Take the listing below and print exactly the lines starting at the line containing "#161=CARTESIAN_POINT('',(19.05,96.393,19.05));" and ending at the line containing "#168=DIRECTION('',(0.,0.,-1.));", both ends included, and no others.

→ **Records for the task**:
+++

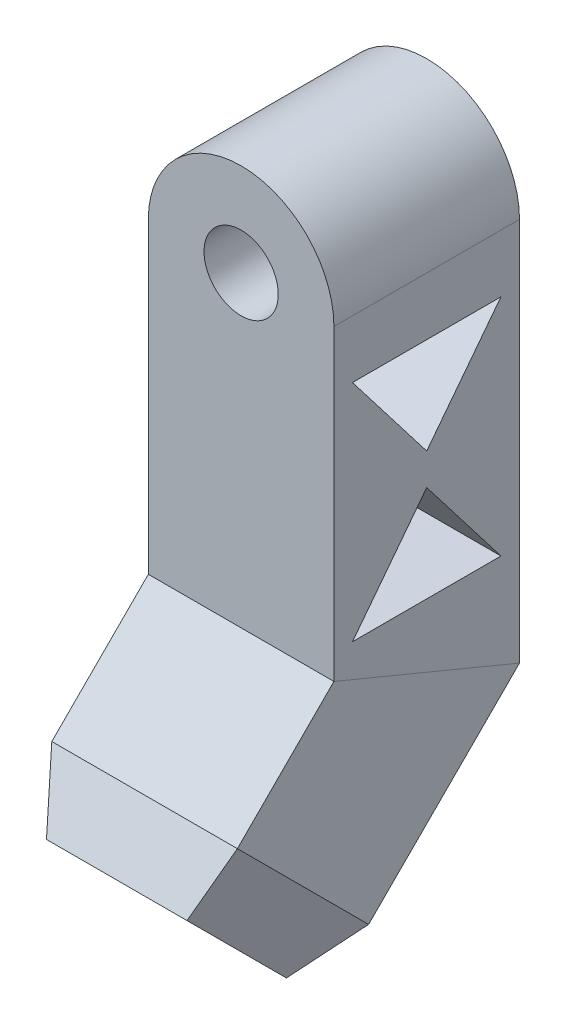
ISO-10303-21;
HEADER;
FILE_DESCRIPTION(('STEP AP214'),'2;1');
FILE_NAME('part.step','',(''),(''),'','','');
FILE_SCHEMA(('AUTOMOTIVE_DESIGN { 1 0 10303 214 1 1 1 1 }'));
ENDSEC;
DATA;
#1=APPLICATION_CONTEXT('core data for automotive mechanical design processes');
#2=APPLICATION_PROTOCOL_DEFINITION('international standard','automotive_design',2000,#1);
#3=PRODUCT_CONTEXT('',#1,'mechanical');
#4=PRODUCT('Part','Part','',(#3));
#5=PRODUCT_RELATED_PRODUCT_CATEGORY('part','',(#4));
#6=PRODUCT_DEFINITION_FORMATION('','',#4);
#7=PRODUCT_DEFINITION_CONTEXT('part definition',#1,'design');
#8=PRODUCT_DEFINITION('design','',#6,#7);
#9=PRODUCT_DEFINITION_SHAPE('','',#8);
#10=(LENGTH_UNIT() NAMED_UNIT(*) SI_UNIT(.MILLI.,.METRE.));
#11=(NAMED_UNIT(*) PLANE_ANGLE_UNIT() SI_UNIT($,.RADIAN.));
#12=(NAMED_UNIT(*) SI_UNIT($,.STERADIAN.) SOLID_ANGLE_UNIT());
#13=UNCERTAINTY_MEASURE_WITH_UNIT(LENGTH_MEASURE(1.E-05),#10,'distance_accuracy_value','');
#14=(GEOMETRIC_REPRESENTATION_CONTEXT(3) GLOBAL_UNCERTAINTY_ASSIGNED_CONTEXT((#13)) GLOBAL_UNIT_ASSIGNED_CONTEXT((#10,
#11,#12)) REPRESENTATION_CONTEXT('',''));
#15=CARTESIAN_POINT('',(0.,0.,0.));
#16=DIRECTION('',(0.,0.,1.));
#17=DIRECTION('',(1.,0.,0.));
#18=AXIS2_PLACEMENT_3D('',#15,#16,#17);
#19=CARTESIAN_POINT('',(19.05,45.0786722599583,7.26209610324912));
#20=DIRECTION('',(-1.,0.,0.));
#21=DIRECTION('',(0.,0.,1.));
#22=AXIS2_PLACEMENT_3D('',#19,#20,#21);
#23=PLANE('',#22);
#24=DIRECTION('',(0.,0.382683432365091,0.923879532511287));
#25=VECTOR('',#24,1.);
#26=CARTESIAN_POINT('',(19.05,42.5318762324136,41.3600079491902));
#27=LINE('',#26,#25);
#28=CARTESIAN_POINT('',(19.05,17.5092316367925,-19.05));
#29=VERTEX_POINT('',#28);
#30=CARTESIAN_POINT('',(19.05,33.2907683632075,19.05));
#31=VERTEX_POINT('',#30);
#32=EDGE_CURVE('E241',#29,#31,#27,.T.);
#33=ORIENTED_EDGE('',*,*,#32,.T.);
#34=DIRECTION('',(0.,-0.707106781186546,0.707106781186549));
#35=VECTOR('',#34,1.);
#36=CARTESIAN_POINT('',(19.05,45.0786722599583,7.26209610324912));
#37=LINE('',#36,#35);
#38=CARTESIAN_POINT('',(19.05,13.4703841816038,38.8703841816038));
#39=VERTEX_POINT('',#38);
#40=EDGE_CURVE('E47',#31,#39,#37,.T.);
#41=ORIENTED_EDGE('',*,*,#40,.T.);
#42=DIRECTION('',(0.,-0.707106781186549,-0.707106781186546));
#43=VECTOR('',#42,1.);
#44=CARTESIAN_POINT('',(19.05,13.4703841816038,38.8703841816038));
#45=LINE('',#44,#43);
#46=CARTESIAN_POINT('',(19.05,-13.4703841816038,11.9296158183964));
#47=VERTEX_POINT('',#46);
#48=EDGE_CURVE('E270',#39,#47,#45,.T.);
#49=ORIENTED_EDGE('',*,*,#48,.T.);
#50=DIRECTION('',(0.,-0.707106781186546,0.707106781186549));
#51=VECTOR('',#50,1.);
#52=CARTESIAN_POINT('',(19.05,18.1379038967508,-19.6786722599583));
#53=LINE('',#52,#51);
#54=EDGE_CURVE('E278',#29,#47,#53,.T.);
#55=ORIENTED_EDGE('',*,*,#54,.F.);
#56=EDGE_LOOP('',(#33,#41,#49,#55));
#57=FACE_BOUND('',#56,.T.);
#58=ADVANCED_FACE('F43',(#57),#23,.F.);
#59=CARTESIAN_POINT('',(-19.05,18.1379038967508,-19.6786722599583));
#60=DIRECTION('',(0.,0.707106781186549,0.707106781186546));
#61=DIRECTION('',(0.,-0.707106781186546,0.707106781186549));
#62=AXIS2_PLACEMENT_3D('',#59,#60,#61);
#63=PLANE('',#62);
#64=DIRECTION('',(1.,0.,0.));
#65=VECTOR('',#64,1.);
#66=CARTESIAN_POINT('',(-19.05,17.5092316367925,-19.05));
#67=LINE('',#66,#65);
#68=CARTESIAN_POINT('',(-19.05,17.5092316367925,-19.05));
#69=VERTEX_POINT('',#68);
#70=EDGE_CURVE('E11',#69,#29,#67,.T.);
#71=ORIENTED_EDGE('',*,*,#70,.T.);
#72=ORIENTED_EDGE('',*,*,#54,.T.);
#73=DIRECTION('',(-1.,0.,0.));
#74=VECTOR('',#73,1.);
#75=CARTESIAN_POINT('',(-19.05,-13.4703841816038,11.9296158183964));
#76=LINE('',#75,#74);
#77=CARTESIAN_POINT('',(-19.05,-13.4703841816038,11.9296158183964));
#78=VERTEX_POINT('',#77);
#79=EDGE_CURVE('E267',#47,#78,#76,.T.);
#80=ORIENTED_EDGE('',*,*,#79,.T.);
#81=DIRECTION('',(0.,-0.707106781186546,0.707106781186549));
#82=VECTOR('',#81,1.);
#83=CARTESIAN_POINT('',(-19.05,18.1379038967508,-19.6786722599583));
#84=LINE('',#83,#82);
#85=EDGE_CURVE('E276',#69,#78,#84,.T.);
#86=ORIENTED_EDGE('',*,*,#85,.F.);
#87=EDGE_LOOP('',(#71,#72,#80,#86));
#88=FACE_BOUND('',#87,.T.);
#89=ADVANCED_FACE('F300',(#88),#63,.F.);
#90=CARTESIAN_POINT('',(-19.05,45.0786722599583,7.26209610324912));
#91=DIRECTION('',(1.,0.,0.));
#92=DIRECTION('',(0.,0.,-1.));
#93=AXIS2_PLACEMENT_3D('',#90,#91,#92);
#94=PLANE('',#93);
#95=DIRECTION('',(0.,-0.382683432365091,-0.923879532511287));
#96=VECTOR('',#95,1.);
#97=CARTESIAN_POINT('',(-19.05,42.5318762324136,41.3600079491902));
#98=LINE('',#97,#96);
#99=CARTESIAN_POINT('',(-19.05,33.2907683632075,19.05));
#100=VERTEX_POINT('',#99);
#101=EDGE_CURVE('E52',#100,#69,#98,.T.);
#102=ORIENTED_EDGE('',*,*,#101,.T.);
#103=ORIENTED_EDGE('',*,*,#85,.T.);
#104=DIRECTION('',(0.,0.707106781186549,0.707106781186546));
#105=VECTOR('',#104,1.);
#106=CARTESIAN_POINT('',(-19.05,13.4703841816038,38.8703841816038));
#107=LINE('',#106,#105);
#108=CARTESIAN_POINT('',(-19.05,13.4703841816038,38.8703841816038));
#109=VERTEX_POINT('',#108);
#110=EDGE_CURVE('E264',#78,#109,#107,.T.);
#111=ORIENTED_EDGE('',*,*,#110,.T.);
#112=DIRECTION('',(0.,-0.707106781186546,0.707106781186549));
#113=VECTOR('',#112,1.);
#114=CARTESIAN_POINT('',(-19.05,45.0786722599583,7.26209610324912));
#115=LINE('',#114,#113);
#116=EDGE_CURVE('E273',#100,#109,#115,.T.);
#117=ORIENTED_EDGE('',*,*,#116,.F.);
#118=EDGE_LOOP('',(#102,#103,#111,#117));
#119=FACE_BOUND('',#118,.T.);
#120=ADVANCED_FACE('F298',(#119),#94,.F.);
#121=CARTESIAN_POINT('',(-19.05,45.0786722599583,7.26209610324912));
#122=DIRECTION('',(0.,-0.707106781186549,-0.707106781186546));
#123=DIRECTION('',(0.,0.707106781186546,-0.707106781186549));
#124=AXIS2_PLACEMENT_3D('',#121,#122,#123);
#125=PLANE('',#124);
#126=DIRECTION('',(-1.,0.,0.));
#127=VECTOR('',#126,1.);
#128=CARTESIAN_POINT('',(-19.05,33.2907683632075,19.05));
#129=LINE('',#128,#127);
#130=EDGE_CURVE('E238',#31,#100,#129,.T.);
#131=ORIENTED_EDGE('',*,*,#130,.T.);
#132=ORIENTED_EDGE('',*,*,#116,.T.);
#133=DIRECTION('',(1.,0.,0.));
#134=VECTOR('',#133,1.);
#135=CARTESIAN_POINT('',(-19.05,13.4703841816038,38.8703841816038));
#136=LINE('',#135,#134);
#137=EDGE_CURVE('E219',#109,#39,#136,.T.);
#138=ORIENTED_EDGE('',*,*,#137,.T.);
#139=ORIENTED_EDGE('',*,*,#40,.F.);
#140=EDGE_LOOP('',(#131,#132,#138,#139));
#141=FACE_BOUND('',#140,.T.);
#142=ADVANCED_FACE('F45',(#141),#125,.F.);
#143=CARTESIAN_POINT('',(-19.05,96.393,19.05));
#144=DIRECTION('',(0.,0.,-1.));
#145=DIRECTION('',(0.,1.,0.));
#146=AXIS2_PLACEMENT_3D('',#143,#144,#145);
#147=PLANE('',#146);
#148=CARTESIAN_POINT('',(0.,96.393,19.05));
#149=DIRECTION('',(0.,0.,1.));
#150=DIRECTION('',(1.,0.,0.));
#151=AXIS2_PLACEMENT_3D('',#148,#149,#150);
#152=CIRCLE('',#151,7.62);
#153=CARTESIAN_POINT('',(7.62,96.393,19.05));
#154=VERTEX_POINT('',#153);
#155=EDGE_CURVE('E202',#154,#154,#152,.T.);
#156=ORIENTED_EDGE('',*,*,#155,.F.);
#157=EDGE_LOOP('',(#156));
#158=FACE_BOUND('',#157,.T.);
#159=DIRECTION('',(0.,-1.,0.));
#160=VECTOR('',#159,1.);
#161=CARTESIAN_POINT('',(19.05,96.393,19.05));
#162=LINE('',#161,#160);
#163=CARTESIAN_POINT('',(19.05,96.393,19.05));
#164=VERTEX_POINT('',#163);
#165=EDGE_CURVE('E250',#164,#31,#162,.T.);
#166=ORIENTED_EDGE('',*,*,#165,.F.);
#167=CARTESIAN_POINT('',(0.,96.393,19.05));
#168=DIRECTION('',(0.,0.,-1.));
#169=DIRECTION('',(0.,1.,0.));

+++

→ **The completed task**:
#161=CARTESIAN_POINT('',(19.05,96.393,19.05));
#162=LINE('',#161,#160);
#163=CARTESIAN_POINT('',(19.05,96.393,19.05));
#164=VERTEX_POINT('',#163);
#165=EDGE_CURVE('E250',#164,#31,#162,.T.);
#166=ORIENTED_EDGE('',*,*,#165,.F.);
#167=CARTESIAN_POINT('',(0.,96.393,19.05));
#168=DIRECTION('',(0.,0.,-1.));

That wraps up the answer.